### [Assigned task]
Your answer must be an exact copy of the lines below, from the first through the one with "#30=VERTEX_POINT('',#29);", with no pictures.

(Stored items)
----------
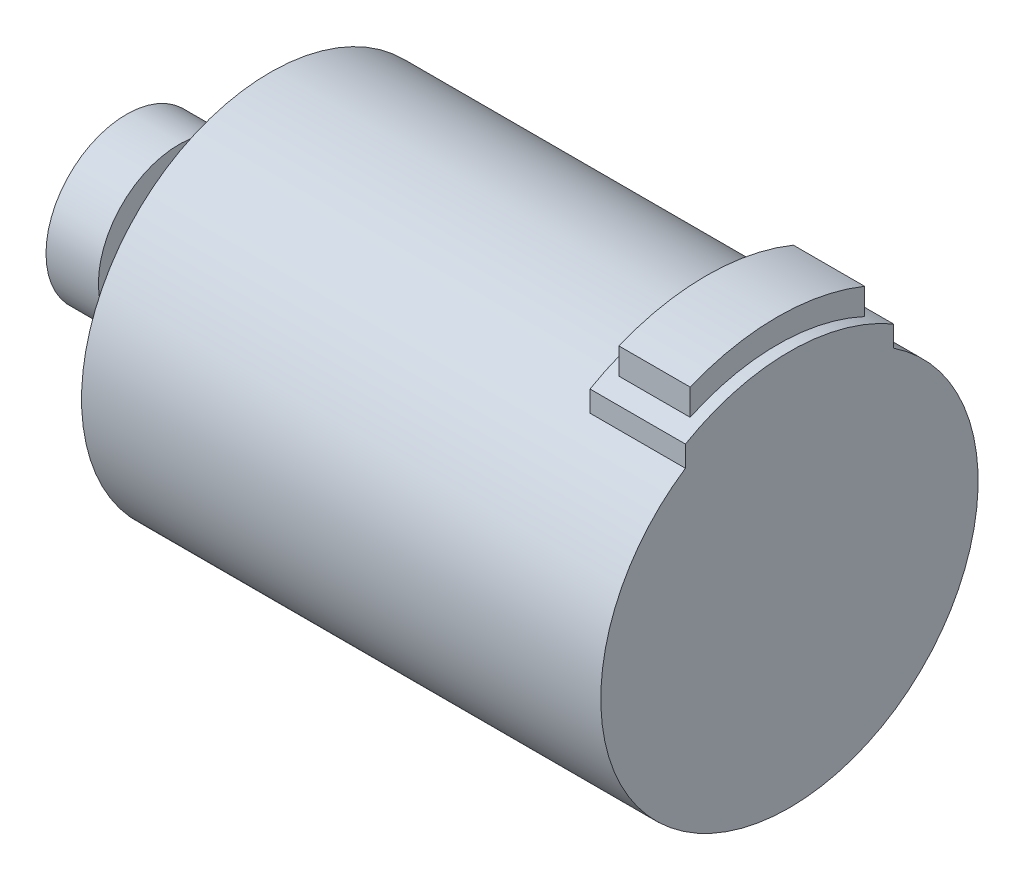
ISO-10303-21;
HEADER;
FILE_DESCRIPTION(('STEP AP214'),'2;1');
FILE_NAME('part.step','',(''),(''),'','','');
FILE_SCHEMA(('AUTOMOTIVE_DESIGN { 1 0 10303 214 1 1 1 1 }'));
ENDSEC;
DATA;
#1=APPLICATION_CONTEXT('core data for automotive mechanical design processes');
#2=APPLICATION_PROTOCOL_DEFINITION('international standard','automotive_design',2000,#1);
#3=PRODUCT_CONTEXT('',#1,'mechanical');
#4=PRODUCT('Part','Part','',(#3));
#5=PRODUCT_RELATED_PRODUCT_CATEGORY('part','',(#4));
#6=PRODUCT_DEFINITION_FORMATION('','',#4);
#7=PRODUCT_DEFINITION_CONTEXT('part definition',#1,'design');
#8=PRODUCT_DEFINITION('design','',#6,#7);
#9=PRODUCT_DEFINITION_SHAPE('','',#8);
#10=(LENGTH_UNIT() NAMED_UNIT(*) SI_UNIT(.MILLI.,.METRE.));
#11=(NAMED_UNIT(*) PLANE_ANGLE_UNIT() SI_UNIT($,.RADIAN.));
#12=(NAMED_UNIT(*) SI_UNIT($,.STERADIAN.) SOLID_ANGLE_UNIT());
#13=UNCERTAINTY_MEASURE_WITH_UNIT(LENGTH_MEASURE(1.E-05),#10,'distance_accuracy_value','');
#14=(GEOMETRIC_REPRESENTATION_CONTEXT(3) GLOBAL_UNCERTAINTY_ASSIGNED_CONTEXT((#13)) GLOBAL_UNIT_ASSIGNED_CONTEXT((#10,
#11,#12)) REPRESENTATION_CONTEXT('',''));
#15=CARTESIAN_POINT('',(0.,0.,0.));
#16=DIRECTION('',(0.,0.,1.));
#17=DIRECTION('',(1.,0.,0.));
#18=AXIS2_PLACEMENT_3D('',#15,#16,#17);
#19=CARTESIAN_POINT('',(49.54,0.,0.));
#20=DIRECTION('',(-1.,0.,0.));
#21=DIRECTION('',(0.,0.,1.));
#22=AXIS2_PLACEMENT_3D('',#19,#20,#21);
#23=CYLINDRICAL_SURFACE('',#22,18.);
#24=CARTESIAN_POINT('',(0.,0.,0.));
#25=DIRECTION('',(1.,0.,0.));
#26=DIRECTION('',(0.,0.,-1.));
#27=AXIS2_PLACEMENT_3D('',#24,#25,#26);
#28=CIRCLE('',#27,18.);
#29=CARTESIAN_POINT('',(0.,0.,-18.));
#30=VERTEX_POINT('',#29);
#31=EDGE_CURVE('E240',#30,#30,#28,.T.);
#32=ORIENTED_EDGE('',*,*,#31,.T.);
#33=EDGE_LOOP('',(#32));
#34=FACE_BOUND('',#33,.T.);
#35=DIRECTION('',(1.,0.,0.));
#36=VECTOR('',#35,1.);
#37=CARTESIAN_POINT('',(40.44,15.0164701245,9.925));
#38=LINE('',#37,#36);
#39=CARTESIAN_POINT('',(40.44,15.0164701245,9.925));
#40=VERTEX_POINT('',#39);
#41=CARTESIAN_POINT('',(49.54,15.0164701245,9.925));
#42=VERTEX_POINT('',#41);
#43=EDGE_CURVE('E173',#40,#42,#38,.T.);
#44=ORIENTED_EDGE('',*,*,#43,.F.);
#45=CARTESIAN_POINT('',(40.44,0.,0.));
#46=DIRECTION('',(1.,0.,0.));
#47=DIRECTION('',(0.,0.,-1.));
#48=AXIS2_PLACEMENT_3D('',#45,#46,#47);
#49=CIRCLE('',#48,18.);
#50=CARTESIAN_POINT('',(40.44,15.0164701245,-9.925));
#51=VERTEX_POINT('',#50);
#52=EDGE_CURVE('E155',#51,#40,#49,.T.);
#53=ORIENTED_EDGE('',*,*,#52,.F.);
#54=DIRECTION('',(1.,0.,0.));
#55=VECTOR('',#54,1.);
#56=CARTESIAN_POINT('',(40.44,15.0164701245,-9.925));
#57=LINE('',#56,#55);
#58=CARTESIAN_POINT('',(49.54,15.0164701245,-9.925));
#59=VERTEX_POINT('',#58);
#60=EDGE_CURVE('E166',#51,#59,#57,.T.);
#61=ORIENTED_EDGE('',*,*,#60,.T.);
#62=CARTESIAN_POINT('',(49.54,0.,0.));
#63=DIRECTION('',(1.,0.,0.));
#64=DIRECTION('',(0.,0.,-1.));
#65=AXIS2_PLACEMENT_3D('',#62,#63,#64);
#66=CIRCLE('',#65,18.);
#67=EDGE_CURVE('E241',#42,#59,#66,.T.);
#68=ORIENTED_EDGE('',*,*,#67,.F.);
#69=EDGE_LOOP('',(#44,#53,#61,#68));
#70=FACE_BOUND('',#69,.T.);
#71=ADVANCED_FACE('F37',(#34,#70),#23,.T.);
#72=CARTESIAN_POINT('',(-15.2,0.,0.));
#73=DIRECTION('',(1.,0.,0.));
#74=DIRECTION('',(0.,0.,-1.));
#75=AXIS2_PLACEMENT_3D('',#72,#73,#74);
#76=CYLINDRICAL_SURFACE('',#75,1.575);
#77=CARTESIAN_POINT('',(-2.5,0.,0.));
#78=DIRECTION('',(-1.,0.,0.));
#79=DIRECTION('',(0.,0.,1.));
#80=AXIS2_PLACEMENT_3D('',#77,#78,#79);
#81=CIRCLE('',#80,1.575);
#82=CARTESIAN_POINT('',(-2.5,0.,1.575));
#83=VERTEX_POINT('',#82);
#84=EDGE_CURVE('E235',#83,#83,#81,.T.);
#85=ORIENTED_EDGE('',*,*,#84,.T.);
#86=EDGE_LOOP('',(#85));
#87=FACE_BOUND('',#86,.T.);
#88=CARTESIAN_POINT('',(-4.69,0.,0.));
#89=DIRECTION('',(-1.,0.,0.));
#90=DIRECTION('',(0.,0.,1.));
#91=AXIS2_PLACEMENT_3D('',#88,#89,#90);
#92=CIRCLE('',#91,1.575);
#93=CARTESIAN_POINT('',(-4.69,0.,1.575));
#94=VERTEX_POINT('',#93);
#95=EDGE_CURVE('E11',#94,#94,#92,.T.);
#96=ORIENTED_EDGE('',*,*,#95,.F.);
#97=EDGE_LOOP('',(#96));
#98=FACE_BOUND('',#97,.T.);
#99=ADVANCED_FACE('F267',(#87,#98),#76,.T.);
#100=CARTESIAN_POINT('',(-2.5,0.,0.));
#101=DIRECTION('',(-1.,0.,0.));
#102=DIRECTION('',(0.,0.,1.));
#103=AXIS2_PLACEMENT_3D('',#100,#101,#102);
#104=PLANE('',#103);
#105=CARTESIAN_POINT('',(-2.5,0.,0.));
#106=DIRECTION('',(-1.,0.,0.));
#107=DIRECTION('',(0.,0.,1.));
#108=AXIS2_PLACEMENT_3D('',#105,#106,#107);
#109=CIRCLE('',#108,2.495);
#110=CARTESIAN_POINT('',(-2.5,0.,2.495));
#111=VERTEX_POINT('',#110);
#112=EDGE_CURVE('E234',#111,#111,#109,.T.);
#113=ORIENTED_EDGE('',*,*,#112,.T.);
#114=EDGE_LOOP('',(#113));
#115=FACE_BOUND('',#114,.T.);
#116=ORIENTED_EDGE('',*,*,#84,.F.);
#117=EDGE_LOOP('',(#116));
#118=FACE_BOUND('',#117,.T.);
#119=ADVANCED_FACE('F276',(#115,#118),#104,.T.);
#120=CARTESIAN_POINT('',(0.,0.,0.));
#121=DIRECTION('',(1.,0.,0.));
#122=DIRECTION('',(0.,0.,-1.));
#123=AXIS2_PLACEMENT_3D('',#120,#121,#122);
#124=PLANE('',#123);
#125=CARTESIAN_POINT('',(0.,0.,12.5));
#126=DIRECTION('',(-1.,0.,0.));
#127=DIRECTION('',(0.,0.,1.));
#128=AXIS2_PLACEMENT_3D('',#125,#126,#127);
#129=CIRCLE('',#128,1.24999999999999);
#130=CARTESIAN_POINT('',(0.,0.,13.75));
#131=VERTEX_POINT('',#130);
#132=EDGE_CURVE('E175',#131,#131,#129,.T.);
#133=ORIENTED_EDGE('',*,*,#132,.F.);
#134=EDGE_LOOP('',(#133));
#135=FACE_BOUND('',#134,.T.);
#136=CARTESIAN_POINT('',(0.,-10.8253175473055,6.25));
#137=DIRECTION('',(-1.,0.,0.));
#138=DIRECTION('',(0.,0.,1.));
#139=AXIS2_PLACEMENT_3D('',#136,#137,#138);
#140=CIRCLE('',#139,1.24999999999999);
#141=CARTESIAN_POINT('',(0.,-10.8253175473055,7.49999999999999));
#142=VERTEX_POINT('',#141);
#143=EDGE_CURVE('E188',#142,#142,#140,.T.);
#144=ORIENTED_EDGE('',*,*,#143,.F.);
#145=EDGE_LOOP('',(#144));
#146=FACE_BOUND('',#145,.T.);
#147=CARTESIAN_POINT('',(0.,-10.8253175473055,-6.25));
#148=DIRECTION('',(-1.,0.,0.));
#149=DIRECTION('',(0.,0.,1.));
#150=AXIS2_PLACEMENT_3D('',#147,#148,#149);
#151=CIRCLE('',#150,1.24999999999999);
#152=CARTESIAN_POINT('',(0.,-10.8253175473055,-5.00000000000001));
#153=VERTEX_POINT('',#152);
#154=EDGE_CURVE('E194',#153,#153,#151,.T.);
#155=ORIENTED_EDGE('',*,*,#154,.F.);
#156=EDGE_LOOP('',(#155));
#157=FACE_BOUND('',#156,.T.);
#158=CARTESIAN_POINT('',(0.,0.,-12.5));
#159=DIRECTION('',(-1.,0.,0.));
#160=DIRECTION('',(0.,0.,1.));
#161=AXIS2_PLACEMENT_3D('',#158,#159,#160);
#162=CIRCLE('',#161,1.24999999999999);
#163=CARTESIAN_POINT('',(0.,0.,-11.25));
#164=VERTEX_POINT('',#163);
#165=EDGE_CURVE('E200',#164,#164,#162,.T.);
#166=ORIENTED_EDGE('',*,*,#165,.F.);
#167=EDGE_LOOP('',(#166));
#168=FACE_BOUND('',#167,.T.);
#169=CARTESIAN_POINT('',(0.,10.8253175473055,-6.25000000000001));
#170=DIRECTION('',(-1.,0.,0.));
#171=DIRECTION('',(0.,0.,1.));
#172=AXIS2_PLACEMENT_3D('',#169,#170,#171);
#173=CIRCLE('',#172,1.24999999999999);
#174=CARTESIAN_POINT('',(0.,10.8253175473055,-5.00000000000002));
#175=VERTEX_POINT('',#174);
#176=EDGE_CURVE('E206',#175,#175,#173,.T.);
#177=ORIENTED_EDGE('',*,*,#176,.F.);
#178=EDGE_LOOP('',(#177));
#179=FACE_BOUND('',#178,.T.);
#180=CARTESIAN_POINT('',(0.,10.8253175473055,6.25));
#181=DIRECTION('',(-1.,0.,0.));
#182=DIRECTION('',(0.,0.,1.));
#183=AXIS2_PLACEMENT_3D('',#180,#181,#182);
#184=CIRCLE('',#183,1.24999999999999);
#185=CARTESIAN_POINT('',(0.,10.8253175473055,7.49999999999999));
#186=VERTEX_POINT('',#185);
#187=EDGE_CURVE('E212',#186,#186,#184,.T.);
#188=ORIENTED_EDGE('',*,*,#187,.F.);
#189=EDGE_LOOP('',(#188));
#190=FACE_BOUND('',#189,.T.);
----------
### [The completed task]
ISO-10303-21;
HEADER;
FILE_DESCRIPTION(('STEP AP214'),'2;1');
FILE_NAME('part.step','',(''),(''),'','','');
FILE_SCHEMA(('AUTOMOTIVE_DESIGN { 1 0 10303 214 1 1 1 1 }'));
ENDSEC;
DATA;
#1=APPLICATION_CONTEXT('core data for automotive mechanical design processes');
#2=APPLICATION_PROTOCOL_DEFINITION('international standard','automotive_design',2000,#1);
#3=PRODUCT_CONTEXT('',#1,'mechanical');
#4=PRODUCT('Part','Part','',(#3));
#5=PRODUCT_RELATED_PRODUCT_CATEGORY('part','',(#4));
#6=PRODUCT_DEFINITION_FORMATION('','',#4);
#7=PRODUCT_DEFINITION_CONTEXT('part definition',#1,'design');
#8=PRODUCT_DEFINITION('design','',#6,#7);
#9=PRODUCT_DEFINITION_SHAPE('','',#8);
#10=(LENGTH_UNIT() NAMED_UNIT(*) SI_UNIT(.MILLI.,.METRE.));
#11=(NAMED_UNIT(*) PLANE_ANGLE_UNIT() SI_UNIT($,.RADIAN.));
#12=(NAMED_UNIT(*) SI_UNIT($,.STERADIAN.) SOLID_ANGLE_UNIT());
#13=UNCERTAINTY_MEASURE_WITH_UNIT(LENGTH_MEASURE(1.E-05),#10,'distance_accuracy_value','');
#14=(GEOMETRIC_REPRESENTATION_CONTEXT(3) GLOBAL_UNCERTAINTY_ASSIGNED_CONTEXT((#13)) GLOBAL_UNIT_ASSIGNED_CONTEXT((#10,
#11,#12)) REPRESENTATION_CONTEXT('',''));
#15=CARTESIAN_POINT('',(0.,0.,0.));
#16=DIRECTION('',(0.,0.,1.));
#17=DIRECTION('',(1.,0.,0.));
#18=AXIS2_PLACEMENT_3D('',#15,#16,#17);
#19=CARTESIAN_POINT('',(49.54,0.,0.));
#20=DIRECTION('',(-1.,0.,0.));
#21=DIRECTION('',(0.,0.,1.));
#22=AXIS2_PLACEMENT_3D('',#19,#20,#21);
#23=CYLINDRICAL_SURFACE('',#22,18.);
#24=CARTESIAN_POINT('',(0.,0.,0.));
#25=DIRECTION('',(1.,0.,0.));
#26=DIRECTION('',(0.,0.,-1.));
#27=AXIS2_PLACEMENT_3D('',#24,#25,#26);
#28=CIRCLE('',#27,18.);
#29=CARTESIAN_POINT('',(0.,0.,-18.));
#30=VERTEX_POINT('',#29);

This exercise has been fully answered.